SciPy is a fundamental package that underlies many other add-in packages (in addition to providing a variety of useful mathematical and statistical functions), so let’s review some of SciPy’s functionality.

linalg

The linalg package provides functions for all of the basic linear algebra routines, including finding inverses, finding determinants, and computing norms. It also has functions for matrix decompositions and exponential, logarithm, and trigonometric functions. Some other useful functions enable you to quickly solve linear systems of equations and linear least-squares problems.

Linear systems of equations

SciPy provides the linalg.solve function for computing the solution vector of a linear system of equations. Suppose we need to solve the following system of simultaneous equations:

x + 2y + 3z = 3
2x + 3y + z = –10
5x – y + 2z = 14

We can represent these equations with a coefficient matrix, a vector of unknowns, and a righthand-side vector. The linalg.solve function takes the coefficient matrix and the righthand-side vector and solves for the unknowns (i.e., x, y, and z):

from numpy import array
from scipy import linalg
A = array([[1,2,3], [2,3,1], [5,-1,2]])
b = array([[3], [-10], [14]])
solution = linalg.solve(A, b)
print(solution)

The values for x, y, and z that solve the system of equations are: 0.1667, –4.8333, and 4.1667.

Least-squares regression

SciPy provides the linalg.lstsq function for computing the solution vector of a linear least-squares problem. In econometrics, it’s common to see a linear least-squares estimated model expressed in matrix notation as:

y = Xb + e

where y is a vector for the dependent variable, X is a matrix of coefficients for the independent variables, b is the solution vector of values to be estimated, and e is a vector of residuals computed from the data. The linalg.lstsq function takes the coefficient matrix, X, and the dependent variable, y, and solves for the solution vector, b:

import numpy as np
from scipy import linalg
c1, c2 = 6.0, 3.0
i = np.r_[1:21]
xi = 0.1*i
yi = c1*np.exp(-xi) + c2*xi
zi = yi + 0.05 * np.max(yi) * np.random.randn(len(yi))
A = np.c_[np.exp(-xi)[:, np.newaxis], xi[:, np.newaxis]]
c, resid, rank, sigma = linalg.lstsq(A, zi)
print(c)

Here, c1, c2, i, and xi simply serve to construct yi, the initial formulation of the dependent variable.

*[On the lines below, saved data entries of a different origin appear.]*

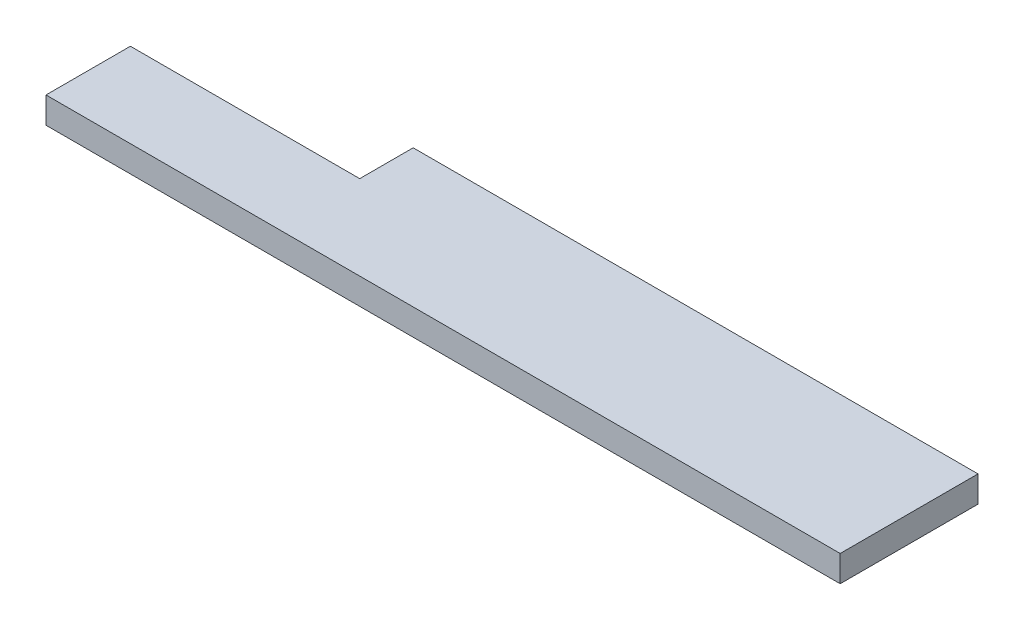
from build123d import *

# Parameters (mm, degrees)
SKETCH1_W               = 121
SKETCH1_H               = 21
BOSS_EXTRUDE1_DEPTH     = 4
CUT_EXTRUDE1_DEPTH      = 62.534543144
CUT_EXTRUDE1_DEPTH_BACK = 62.534543144
SKETCH2_W               = 36.59359186
SKETCH2_H               = 8.142757597


with BuildPart() as part:
    # Sketch1 → Boss-Extrude1 (new body)
    with BuildSketch(Plane(origin=(0, 0, 0), x_dir=(1, 0, 0), z_dir=(0, 1, 0))):
        Rectangle(SKETCH1_W, SKETCH1_H)
    extrude(amount=BOSS_EXTRUDE1_DEPTH)

    # Sketch2 → Cut-Extrude1 (cut, two sides: drawn at the far end of the back side and taken through both)
    with BuildSketch(Plane(origin=(0, 0, 0), x_dir=(1, 0, 0), z_dir=(0, 1, 0)).offset(-CUT_EXTRUDE1_DEPTH_BACK)):
        with Locations((-43.854273263, 6.428621202)):
            Rectangle(SKETCH2_W, SKETCH2_H)
    extrude(amount=CUT_EXTRUDE1_DEPTH + CUT_EXTRUDE1_DEPTH_BACK, mode=Mode.SUBTRACT)


solid = part.part
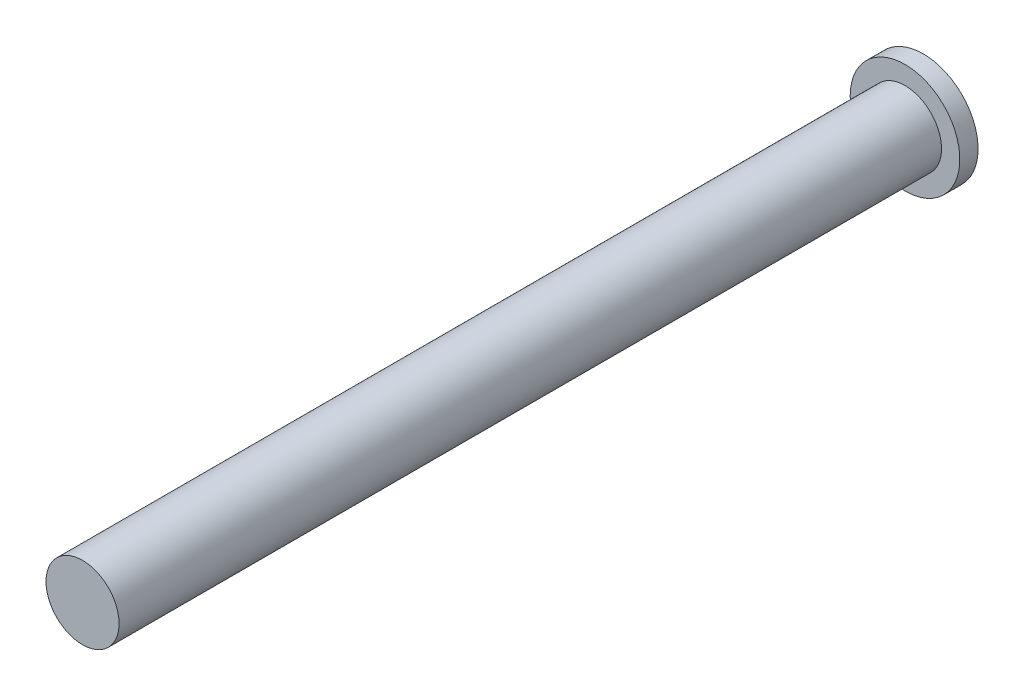
from build123d import *

# Parameters (mm, degrees)
SKETCH_1_R      = 2
EXTRUDE_1_DEPTH = 45
SKETCH_2_R      = 3
EXTRUDE_2_DEPTH = 1


with BuildPart() as part:
    # 草图1 → 凸台-拉伸1 (new body)
    with BuildSketch(Plane.XY):
        with Locations(Location((0, 0, 0), (0, 0, 180))):
            Circle(SKETCH_1_R)
    extrude(amount=EXTRUDE_1_DEPTH)

    # 草图2 → 凸台-拉伸2 (add)
    with BuildSketch(Plane(origin=(0, 0, 0), x_dir=(-1, 0, 0), z_dir=(0, 0, -1))):
        Circle(SKETCH_2_R)
    extrude(amount=EXTRUDE_2_DEPTH)


solid = part.part

However, the next line constructs zi, the variable that actually serves as the dependent variable, by adding some random disturbances to the yi values. The lstsq function returns values for c, residuals (resid), rank, and sigma. The two c values that solve this least-squares problem are 5.92 and 3.07.

interpolate

The interpolate package provides functions for linear and curvilear interpolation between known data points. The function for univariate data is named interp1d, and the function for multivariate data is named griddata. The package also provides functions for spline interpolation and radial basis functions for smoothing and interpolation. The interp1d function takes two arrays and returns a function that uses interpolation to find the values of new points:

from numpy import arange, exp
from scipy import interpolate
import matplotlib.pyplot as plt
x = arange(0, 20)
y = exp(-x/4.5)
interpolation_function = interpolate.interp1d(x, y)
new_x = arange(0, 19, 0.1)
new_y = interpolation_function(new_x)
plt.plot(x, y, 'o', new_x, new_y, '-')
plt.show()

The blue dots in the plot are the 20 original data points. The green line connects the interpolated values of new points between the original data points. Because I didn’t specify the kind argument in the interp1d function, it used the default linear interpolation to find the values. However, you can also specify quadratic, cubic, or a handful of other string or integer values to specify the type of interpolation it should perform.

stats

The stats package provides functions for generating values from specific distributions, calculating descriptive statistics, performing statistical tests, and conducting regression analysis. The package offers over eighty continuous random variables and ten discrete random variables. It has tests for analyzing one sample and tests for comparing two samples. It also has functions for kernel density estimation, or estimating the probability density function of a random variable from a set of data.

Descriptive statistics

The stats package provides several functions for calculating descriptive statistics:

from scipy.stats import norm, describe
x = norm.rvs(loc=5, scale=2, size=1000)
print(x.mean())
print(x.min())
print(x.max())
print(x.var())
print(x.std())
x_nobs, (x_min, x_max), x_mean, x_variance, x_skewness, x_kurtosis = describe(x)
print(x_nobs)

In this example, I create an array, x, of 1,000 values drawn from a normal distribution with mean equal to five and standard deviation equal to two. The mean, min, max, var, and std functions compute the mean, minimum, maximum, variance, and standard deviation of x, respectively. Similarly, the describe function returns the number of observations, the minimum and maximum values, the mean and variance, and the skewness and kurtosis.

Linear regression

The stats package simplifies the process of estimating the slope and intercept in a linear regression. In addition to the slope and intercept, the linregress function also returns the correlation coefficient, the two-sided p-value for a null hypothesis that the slope is zero, and the standard error of the estimate:

from numpy.random import random
from scipy import stats
x = random(20)
y = random(20)
slope, intercept, r_value, p_value, std_err = stats.linregress(x, y)
print("R-squared:", round(r_value**2, 4))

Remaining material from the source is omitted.